Extrapolation: If trained with context 4k, can handle 8k by extrapolating the base frequency. Quality degrades but much more graceful than sinusoidal.
Memory efficient: No embedding table. Rotations are applied on-the-fly.
Relative position implicit: Attention dot product naturally encodes (m - n).
Simplest idea: Don't embed position. Instead, bias attention scores by the distance between tokens.

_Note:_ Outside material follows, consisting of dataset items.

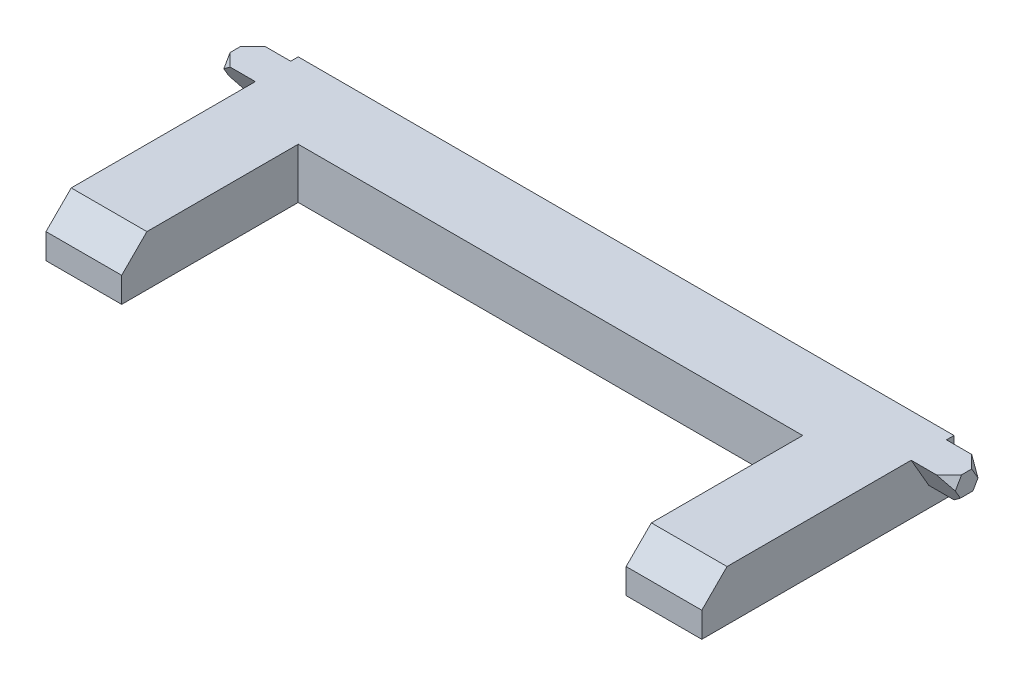
ISO-10303-21;
HEADER;
FILE_DESCRIPTION(('STEP AP214'),'2;1');
FILE_NAME('part.step','',(''),(''),'','','');
FILE_SCHEMA(('AUTOMOTIVE_DESIGN { 1 0 10303 214 1 1 1 1 }'));
ENDSEC;
DATA;
#1=APPLICATION_CONTEXT('core data for automotive mechanical design processes');
#2=APPLICATION_PROTOCOL_DEFINITION('international standard','automotive_design',2000,#1);
#3=PRODUCT_CONTEXT('',#1,'mechanical');
#4=PRODUCT('Part','Part','',(#3));
#5=PRODUCT_RELATED_PRODUCT_CATEGORY('part','',(#4));
#6=PRODUCT_DEFINITION_FORMATION('','',#4);
#7=PRODUCT_DEFINITION_CONTEXT('part definition',#1,'design');
#8=PRODUCT_DEFINITION('design','',#6,#7);
#9=PRODUCT_DEFINITION_SHAPE('','',#8);
#10=(LENGTH_UNIT() NAMED_UNIT(*) SI_UNIT(.MILLI.,.METRE.));
#11=(NAMED_UNIT(*) PLANE_ANGLE_UNIT() SI_UNIT($,.RADIAN.));
#12=(NAMED_UNIT(*) SI_UNIT($,.STERADIAN.) SOLID_ANGLE_UNIT());
#13=UNCERTAINTY_MEASURE_WITH_UNIT(LENGTH_MEASURE(1.E-05),#10,'distance_accuracy_value','');
#14=(GEOMETRIC_REPRESENTATION_CONTEXT(3) GLOBAL_UNCERTAINTY_ASSIGNED_CONTEXT((#13)) GLOBAL_UNIT_ASSIGNED_CONTEXT((#10,
#11,#12)) REPRESENTATION_CONTEXT('',''));
#15=CARTESIAN_POINT('',(0.,0.,0.));
#16=DIRECTION('',(0.,0.,1.));
#17=DIRECTION('',(1.,0.,0.));
#18=AXIS2_PLACEMENT_3D('',#15,#16,#17);
#19=CARTESIAN_POINT('',(0.,2.,0.));
#20=DIRECTION('',(0.,1.,0.));
#21=DIRECTION('',(0.,0.,1.));
#22=AXIS2_PLACEMENT_3D('',#19,#20,#21);
#23=PLANE('',#22);
#24=DIRECTION('',(-1.,0.,0.));
#25=VECTOR('',#24,1.);
#26=CARTESIAN_POINT('',(14.5,2.,5.99999999999999));
#27=LINE('',#26,#25);
#28=CARTESIAN_POINT('',(13.,2.,5.99999999999999));
#29=VERTEX_POINT('',#28);
#30=CARTESIAN_POINT('',(10.,2.,5.99999999999999));
#31=VERTEX_POINT('',#30);
#32=EDGE_CURVE('E189',#29,#31,#27,.T.);
#33=ORIENTED_EDGE('',*,*,#32,.F.);
#34=DIRECTION('',(0.,0.,-1.));
#35=VECTOR('',#34,1.);
#36=CARTESIAN_POINT('',(13.,2.,7.));
#37=LINE('',#36,#35);
#38=CARTESIAN_POINT('',(13.,2.,-1.3));
#39=VERTEX_POINT('',#38);
#40=EDGE_CURVE('E219',#29,#39,#37,.T.);
#41=ORIENTED_EDGE('',*,*,#40,.T.);
#42=DIRECTION('',(-1.,0.,0.));
#43=VECTOR('',#42,1.);
#44=CARTESIAN_POINT('',(14.5,2.,-1.3));
#45=LINE('',#44,#43);
#46=CARTESIAN_POINT('',(14.,2.,-1.3));
#47=VERTEX_POINT('',#46);
#48=EDGE_CURVE('E321',#47,#39,#45,.T.);
#49=ORIENTED_EDGE('',*,*,#48,.F.);
#50=DIRECTION('',(0.707106781186548,0.,-0.707106781186547));
#51=VECTOR('',#50,1.);
#52=CARTESIAN_POINT('',(6.34999999999999,2.,6.35));
#53=LINE('',#52,#51);
#54=CARTESIAN_POINT('',(14.5,2.,-1.8));
#55=VERTEX_POINT('',#54);
#56=EDGE_CURVE('E292',#47,#55,#53,.T.);
#57=ORIENTED_EDGE('',*,*,#56,.T.);
#58=DIRECTION('',(0.,0.,1.));
#59=VECTOR('',#58,1.);
#60=CARTESIAN_POINT('',(14.5,2.,-2.7));
#61=LINE('',#60,#59);
#62=CARTESIAN_POINT('',(14.5,2.,-2.2));
#63=VERTEX_POINT('',#62);
#64=EDGE_CURVE('E313',#63,#55,#61,.T.);
#65=ORIENTED_EDGE('',*,*,#64,.F.);
#66=DIRECTION('',(-0.707106781186548,0.,-0.707106781186547));
#67=VECTOR('',#66,1.);
#68=CARTESIAN_POINT('',(8.34999999999999,2.,-8.35));
#69=LINE('',#68,#67);
#70=CARTESIAN_POINT('',(14.,2.,-2.7));
#71=VERTEX_POINT('',#70);
#72=EDGE_CURVE('E301',#63,#71,#69,.T.);
#73=ORIENTED_EDGE('',*,*,#72,.T.);
#74=DIRECTION('',(-1.,0.,0.));
#75=VECTOR('',#74,1.);
#76=CARTESIAN_POINT('',(14.5,2.,-2.7));
#77=LINE('',#76,#75);
#78=CARTESIAN_POINT('',(13.,2.,-2.7));
#79=VERTEX_POINT('',#78);
#80=EDGE_CURVE('E336',#71,#79,#77,.T.);
#81=ORIENTED_EDGE('',*,*,#80,.T.);
#82=CARTESIAN_POINT('',(13.,2.,-3.));
#83=VERTEX_POINT('',#82);
#84=EDGE_CURVE('E218',#79,#83,#37,.T.);
#85=ORIENTED_EDGE('',*,*,#84,.T.);
#86=DIRECTION('',(-1.,0.,0.));
#87=VECTOR('',#86,1.);
#88=CARTESIAN_POINT('',(-10.,2.,-3.));
#89=LINE('',#88,#87);
#90=CARTESIAN_POINT('',(-13.,2.,-3.));
#91=VERTEX_POINT('',#90);
#92=EDGE_CURVE('E204',#83,#91,#89,.T.);
#93=ORIENTED_EDGE('',*,*,#92,.T.);
#94=DIRECTION('',(0.,0.,1.));
#95=VECTOR('',#94,1.);
#96=CARTESIAN_POINT('',(-13.,2.,7.));
#97=LINE('',#96,#95);
#98=CARTESIAN_POINT('',(-13.,2.,-2.7));
#99=VERTEX_POINT('',#98);
#100=EDGE_CURVE('E203',#91,#99,#97,.T.);
#101=ORIENTED_EDGE('',*,*,#100,.T.);
#102=DIRECTION('',(1.,0.,0.));
#103=VECTOR('',#102,1.);
#104=CARTESIAN_POINT('',(-14.5,2.,-2.7));
#105=LINE('',#104,#103);
#106=CARTESIAN_POINT('',(-14.,2.,-2.7));
#107=VERTEX_POINT('',#106);
#108=EDGE_CURVE('E353',#107,#99,#105,.T.);
#109=ORIENTED_EDGE('',*,*,#108,.F.);
#110=DIRECTION('',(-0.707106781186548,0.,0.707106781186547));
#111=VECTOR('',#110,1.);
#112=CARTESIAN_POINT('',(-8.34999999999999,2.,-8.35));
#113=LINE('',#112,#111);
#114=CARTESIAN_POINT('',(-14.5,2.,-2.2));
#115=VERTEX_POINT('',#114);
#116=EDGE_CURVE('E277',#107,#115,#113,.T.);
#117=ORIENTED_EDGE('',*,*,#116,.T.);
#118=DIRECTION('',(0.,0.,1.));
#119=VECTOR('',#118,1.);
#120=CARTESIAN_POINT('',(-14.5,2.,-2.7));
#121=LINE('',#120,#119);
#122=CARTESIAN_POINT('',(-14.5,2.,-1.79999999999999));
#123=VERTEX_POINT('',#122);
#124=EDGE_CURVE('E346',#115,#123,#121,.T.);
#125=ORIENTED_EDGE('',*,*,#124,.T.);
#126=DIRECTION('',(-0.707106781186548,0.,-0.707106781186547));
#127=VECTOR('',#126,1.);
#128=CARTESIAN_POINT('',(-6.34999999999999,2.,6.35));
#129=LINE('',#128,#127);
#130=CARTESIAN_POINT('',(-14.,2.,-1.3));
#131=VERTEX_POINT('',#130);
#132=EDGE_CURVE('E269',#131,#123,#129,.T.);
#133=ORIENTED_EDGE('',*,*,#132,.F.);
#134=DIRECTION('',(1.,0.,0.));
#135=VECTOR('',#134,1.);
#136=CARTESIAN_POINT('',(-14.5,2.,-1.3));
#137=LINE('',#136,#135);
#138=CARTESIAN_POINT('',(-13.,2.,-1.3));
#139=VERTEX_POINT('',#138);
#140=EDGE_CURVE('E201',#131,#139,#137,.T.);
#141=ORIENTED_EDGE('',*,*,#140,.T.);
#142=CARTESIAN_POINT('',(-13.,2.,5.99999999999999));
#143=VERTEX_POINT('',#142);
#144=EDGE_CURVE('E195',#139,#143,#97,.T.);
#145=ORIENTED_EDGE('',*,*,#144,.T.);
#146=CARTESIAN_POINT('',(-10.,2.,5.99999999999999));
#147=VERTEX_POINT('',#146);
#148=EDGE_CURVE('E181',#147,#143,#27,.T.);
#149=ORIENTED_EDGE('',*,*,#148,.F.);
#150=DIRECTION('',(0.,0.,-1.));
#151=VECTOR('',#150,1.);
#152=CARTESIAN_POINT('',(-10.,2.,0.));
#153=LINE('',#152,#151);
#154=CARTESIAN_POINT('',(-10.,2.,0.));
#155=VERTEX_POINT('',#154);
#156=EDGE_CURVE('E207',#147,#155,#153,.T.);
#157=ORIENTED_EDGE('',*,*,#156,.T.);
#158=DIRECTION('',(1.,0.,0.));
#159=VECTOR('',#158,1.);
#160=CARTESIAN_POINT('',(10.,2.,0.));
#161=LINE('',#160,#159);
#162=CARTESIAN_POINT('',(10.,2.,0.));
#163=VERTEX_POINT('',#162);
#164=EDGE_CURVE('E213',#155,#163,#161,.T.);
#165=ORIENTED_EDGE('',*,*,#164,.T.);
#166=DIRECTION('',(0.,0.,1.));
#167=VECTOR('',#166,1.);
#168=CARTESIAN_POINT('',(10.,2.,0.));
#169=LINE('',#168,#167);
#170=EDGE_CURVE('E215',#163,#31,#169,.T.);
#171=ORIENTED_EDGE('',*,*,#170,.T.);
#172=EDGE_LOOP('',(#33,#41,#49,#57,#65,#73,#81,#85,#93,#101,#109,#117,#125,#133,#141,#145,#149,
#157,#165,#171));
#173=FACE_BOUND('',#172,.T.);
#174=ADVANCED_FACE('F35',(#173),#23,.T.);
#175=CARTESIAN_POINT('',(13.,2.,7.));
#176=DIRECTION('',(-1.,0.,0.));
#177=DIRECTION('',(0.,0.,1.));
#178=AXIS2_PLACEMENT_3D('',#175,#176,#177);
#179=PLANE('',#178);
#180=ORIENTED_EDGE('',*,*,#40,.F.);
#181=DIRECTION('',(0.,-0.707106781186544,0.707106781186552));
#182=VECTOR('',#181,1.);
#183=CARTESIAN_POINT('',(13.,1.49999999999999,6.5));
#184=LINE('',#183,#182);
#185=CARTESIAN_POINT('',(13.,1.,7.));
#186=VERTEX_POINT('',#185);
#187=EDGE_CURVE('E330',#29,#186,#184,.T.);
#188=ORIENTED_EDGE('',*,*,#187,.T.);
#189=DIRECTION('',(0.,-1.,0.));
#190=VECTOR('',#189,1.);
#191=CARTESIAN_POINT('',(13.,2.,7.));
#192=LINE('',#191,#190);
#193=CARTESIAN_POINT('',(13.,0.,7.));
#194=VERTEX_POINT('',#193);
#195=EDGE_CURVE('E242',#186,#194,#192,.T.);
#196=ORIENTED_EDGE('',*,*,#195,.T.);
#197=DIRECTION('',(0.,0.,-1.));
#198=VECTOR('',#197,1.);
#199=CARTESIAN_POINT('',(13.,0.,7.));
#200=LINE('',#199,#198);
#201=CARTESIAN_POINT('',(13.,0.,-3.));
#202=VERTEX_POINT('',#201);
#203=EDGE_CURVE('E237',#194,#202,#200,.T.);
#204=ORIENTED_EDGE('',*,*,#203,.T.);
#205=DIRECTION('',(0.,-1.,0.));
#206=VECTOR('',#205,1.);
#207=CARTESIAN_POINT('',(13.,2.,-3.));
#208=LINE('',#207,#206);
#209=EDGE_CURVE('E221',#83,#202,#208,.T.);
#210=ORIENTED_EDGE('',*,*,#209,.F.);
#211=ORIENTED_EDGE('',*,*,#84,.F.);
#212=DIRECTION('',(0.,0.866025403784439,-0.5));
#213=VECTOR('',#212,1.);
#214=CARTESIAN_POINT('',(13.,0.787564434701785,-2.));
#215=LINE('',#214,#213);
#216=CARTESIAN_POINT('',(13.,0.787564434701785,-2.));
#217=VERTEX_POINT('',#216);
#218=EDGE_CURVE('E323',#217,#79,#215,.T.);
#219=ORIENTED_EDGE('',*,*,#218,.F.);
#220=DIRECTION('',(0.,-0.866025403784439,-0.5));
#221=VECTOR('',#220,1.);
#222=CARTESIAN_POINT('',(13.,2.,-1.3));
#223=LINE('',#222,#221);
#224=EDGE_CURVE('E327',#39,#217,#223,.T.);
#225=ORIENTED_EDGE('',*,*,#224,.F.);
#226=EDGE_LOOP('',(#180,#188,#196,#204,#210,#211,#219,#225));
#227=FACE_BOUND('',#226,.T.);
#228=ADVANCED_FACE('F388',(#227),#179,.F.);
#229=CARTESIAN_POINT('',(-14.5,0.787564434701785,-2.));
#230=DIRECTION('',(0.,-0.5,-0.866025403784439));
#231=DIRECTION('',(0.,0.866025403784439,-0.5));
#232=AXIS2_PLACEMENT_3D('',#229,#230,#231);
#233=PLANE('',#232);
#234=DIRECTION('',(0.,0.866025403784439,-0.5));
#235=VECTOR('',#234,1.);
#236=CARTESIAN_POINT('',(-14.5,0.787564434701785,-2.));
#237=LINE('',#236,#235);
#238=CARTESIAN_POINT('',(-14.5,1.22057713659401,-2.25));
#239=VERTEX_POINT('',#238);
#240=CARTESIAN_POINT('',(-14.5,1.56698729810778,-2.45));
#241=VERTEX_POINT('',#240);
#242=EDGE_CURVE('E342',#239,#241,#237,.T.);
#243=ORIENTED_EDGE('',*,*,#242,.T.);
#244=DIRECTION('',(0.707106781186548,0.612372435695794,-0.353553390593273));
#245=VECTOR('',#244,1.);
#246=CARTESIAN_POINT('',(-14.95,1.17727586640478,-2.225));
#247=LINE('',#246,#245);
#248=EDGE_CURVE('E280',#241,#107,#247,.T.);
#249=ORIENTED_EDGE('',*,*,#248,.T.);
#250=ORIENTED_EDGE('',*,*,#108,.T.);
#251=DIRECTION('',(0.,0.866025403784439,-0.5));
#252=VECTOR('',#251,1.);
#253=CARTESIAN_POINT('',(-13.,0.787564434701785,-2.));
#254=LINE('',#253,#252);
#255=CARTESIAN_POINT('',(-13.,0.787564434701785,-2.));
#256=VERTEX_POINT('',#255);
#257=EDGE_CURVE('E343',#256,#99,#254,.T.);
#258=ORIENTED_EDGE('',*,*,#257,.F.);
#259=DIRECTION('',(1.,0.,0.));
#260=VECTOR('',#259,1.);
#261=CARTESIAN_POINT('',(-14.5,0.787564434701785,-2.));
#262=LINE('',#261,#260);
#263=CARTESIAN_POINT('',(-14.,0.787564434701785,-2.));
#264=VERTEX_POINT('',#263);
#265=EDGE_CURVE('E348',#264,#256,#262,.T.);
#266=ORIENTED_EDGE('',*,*,#265,.F.);
#267=DIRECTION('',(0.707106781186548,-0.612372435695795,0.353553390593274));
#268=VECTOR('',#267,1.);
#269=CARTESIAN_POINT('',(-14.25,1.0040707856479,-2.125));
#270=LINE('',#269,#268);
#271=EDGE_CURVE('E261',#239,#264,#270,.T.);
#272=ORIENTED_EDGE('',*,*,#271,.F.);
#273=EDGE_LOOP('',(#243,#249,#250,#258,#266,#272));
#274=FACE_BOUND('',#273,.T.);
#275=ADVANCED_FACE('F361',(#274),#233,.T.);
#276=CARTESIAN_POINT('',(-14.5,0.,0.));
#277=DIRECTION('',(1.,0.,0.));
#278=DIRECTION('',(0.,0.,-1.));
#279=AXIS2_PLACEMENT_3D('',#276,#277,#278);
#280=PLANE('',#279);
#281=DIRECTION('',(0.,0.866025403784438,0.5));
#282=VECTOR('',#281,1.);
#283=CARTESIAN_POINT('',(-14.5,1.45262794416288,-2.51602540378444));
#284=LINE('',#283,#282);
#285=EDGE_CURVE('E275',#241,#115,#284,.T.);
#286=ORIENTED_EDGE('',*,*,#285,.F.);
#287=ORIENTED_EDGE('',*,*,#242,.F.);
#288=DIRECTION('',(0.,0.,1.));
#289=VECTOR('',#288,1.);
#290=CARTESIAN_POINT('',(-14.5,1.22057713659401,0.));
#291=LINE('',#290,#289);
#292=CARTESIAN_POINT('',(-14.5,1.22057713659401,-1.75));
#293=VERTEX_POINT('',#292);
#294=EDGE_CURVE('E263',#239,#293,#291,.T.);
#295=ORIENTED_EDGE('',*,*,#294,.T.);
#296=DIRECTION('',(0.,-0.866025403784439,-0.5));
#297=VECTOR('',#296,1.);
#298=CARTESIAN_POINT('',(-14.5,2.,-1.3));
#299=LINE('',#298,#297);
#300=CARTESIAN_POINT('',(-14.5,1.56698729810778,-1.55));
#301=VERTEX_POINT('',#300);
#302=EDGE_CURVE('E340',#301,#293,#299,.T.);
#303=ORIENTED_EDGE('',*,*,#302,.F.);
#304=DIRECTION('',(0.,0.866025403784439,-0.5));
#305=VECTOR('',#304,1.);
#306=CARTESIAN_POINT('',(-14.5,-0.279422863405994,-0.48397459621556));
#307=LINE('',#306,#305);
#308=EDGE_CURVE('E266',#301,#123,#307,.T.);
#309=ORIENTED_EDGE('',*,*,#308,.T.);
#310=ORIENTED_EDGE('',*,*,#124,.F.);
#311=EDGE_LOOP('',(#286,#287,#295,#303,#309,#310));
#312=FACE_BOUND('',#311,.T.);
#313=ADVANCED_FACE('F446',(#312),#280,.F.);
#314=CARTESIAN_POINT('',(-13.,2.,7.));
#315=DIRECTION('',(1.,0.,0.));
#316=DIRECTION('',(0.,0.,-1.));
#317=AXIS2_PLACEMENT_3D('',#314,#315,#316);
#318=PLANE('',#317);
#319=DIRECTION('',(0.,-1.,0.));
#320=VECTOR('',#319,1.);
#321=CARTESIAN_POINT('',(-13.,2.,7.));
#322=LINE('',#321,#320);
#323=CARTESIAN_POINT('',(-13.,1.,7.));
#324=VERTEX_POINT('',#323);
#325=CARTESIAN_POINT('',(-13.,0.,7.));
#326=VERTEX_POINT('',#325);
#327=EDGE_CURVE('E197',#324,#326,#322,.T.);
#328=ORIENTED_EDGE('',*,*,#327,.F.);
#329=DIRECTION('',(0.,-0.707106781186544,0.707106781186552));
#330=VECTOR('',#329,1.);
#331=CARTESIAN_POINT('',(-13.,1.,7.));
#332=LINE('',#331,#330);
#333=EDGE_CURVE('E184',#143,#324,#332,.T.);
#334=ORIENTED_EDGE('',*,*,#333,.F.);
#335=ORIENTED_EDGE('',*,*,#144,.F.);
#336=DIRECTION('',(0.,-0.866025403784439,-0.5));
#337=VECTOR('',#336,1.);
#338=CARTESIAN_POINT('',(-13.,2.,-1.3));
#339=LINE('',#338,#337);
#340=EDGE_CURVE('E335',#139,#256,#339,.T.);
#341=ORIENTED_EDGE('',*,*,#340,.T.);
#342=ORIENTED_EDGE('',*,*,#257,.T.);
#343=ORIENTED_EDGE('',*,*,#100,.F.);
#344=DIRECTION('',(0.,-1.,0.));
#345=VECTOR('',#344,1.);
#346=CARTESIAN_POINT('',(-13.,2.,-3.));
#347=LINE('',#346,#345);
#348=CARTESIAN_POINT('',(-13.,0.,-3.));
#349=VERTEX_POINT('',#348);
#350=EDGE_CURVE('E255',#91,#349,#347,.T.);
#351=ORIENTED_EDGE('',*,*,#350,.T.);
#352=DIRECTION('',(0.,0.,1.));
#353=VECTOR('',#352,1.);
#354=CARTESIAN_POINT('',(-13.,0.,7.));
#355=LINE('',#354,#353);
#356=EDGE_CURVE('E222',#349,#326,#355,.T.);
#357=ORIENTED_EDGE('',*,*,#356,.T.);
#358=EDGE_LOOP('',(#328,#334,#335,#341,#342,#343,#351,#357));
#359=FACE_BOUND('',#358,.T.);
#360=ADVANCED_FACE('F37',(#359),#318,.F.);
#361=CARTESIAN_POINT('',(-13.,2.,7.));
#362=DIRECTION('',(0.,0.,-1.));
#363=DIRECTION('',(-1.,0.,0.));
#364=AXIS2_PLACEMENT_3D('',#361,#362,#363);
#365=PLANE('',#364);
#366=DIRECTION('',(0.,-1.,0.));
#367=VECTOR('',#366,1.);
#368=CARTESIAN_POINT('',(-10.,2.,7.));
#369=LINE('',#368,#367);
#370=CARTESIAN_POINT('',(-10.,0.999999999999997,7.));
#371=VERTEX_POINT('',#370);
#372=CARTESIAN_POINT('',(-10.,0.,7.));
#373=VERTEX_POINT('',#372);
#374=EDGE_CURVE('E252',#371,#373,#369,.T.);
#375=ORIENTED_EDGE('',*,*,#374,.F.);
#376=DIRECTION('',(-1.,0.,0.));
#377=VECTOR('',#376,1.);
#378=CARTESIAN_POINT('',(14.5,1.,7.));
#379=LINE('',#378,#377);
#380=EDGE_CURVE('E50',#371,#324,#379,.T.);
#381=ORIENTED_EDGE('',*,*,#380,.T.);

Compute attention normally: scores = (Q·K^T) / √d. But before softmax, add a linear bias penalty:
scores[i, j] ← scores[i, j] - α|i - j|
The penalty α is a constant (e.g., 1/16 for LLaMA). Tokens far apart get reduced attention. No position vectors needed.
Advantages:
ALiBi is excellent for long-context models. It's the standard in BLOOM, PaLM 2, and others. Empirically, ALiBi generalises better than sinusoidal/learned for extrapolation but slightly worse than RoPE in some benchmarks.
The problem: a model trained on 4k tokens can't handle 8k without position information going out-of-distribution. How do we extend?
For RoPE, the base frequency θ_0 controls the maximum context. Scaling it up allows longer sequences. But training stability is critical.
YaRN (Yet Another RoPE extension): Dynamically scale the base frequency based on context length. If training context was 4k and we need 8k, scale θ_0 by a factor β ≈ √2.
Formula: θ' = θ · scale, where scale depends on desired context vs training context.
Why it works: Rotations are still meaningful but compressed into the original position range. The model's attention patterns (learned on 4k) can extrapolate.
Extends further by selectively scaling different dimensions. Low frequencies (long-range) are scaled more aggressively, high frequencies (local) less. Fine-tuning on a sample of long sequences refines the scaling.
| Method | Base → Target | Perplexity Degradation | Fine-tuning Required |
|---|---|---|---|
| No extension | 4k → 8k | 2–5% (severe) | Not helpful |
| NTK scaling | 4k → 8k | 0.5–1% | No (but improves) |
| YaRN | 4k → 32k | < 0.5% | Optional |
| LongRoPE | 4k → 128k | < 0.3% | Recommended |
Practical recommendation: For 2–4× extension, NTK scaling works. For 8–32× extension, use YaRN + fine-tuning. For 32×+ extension, use LongRoPE.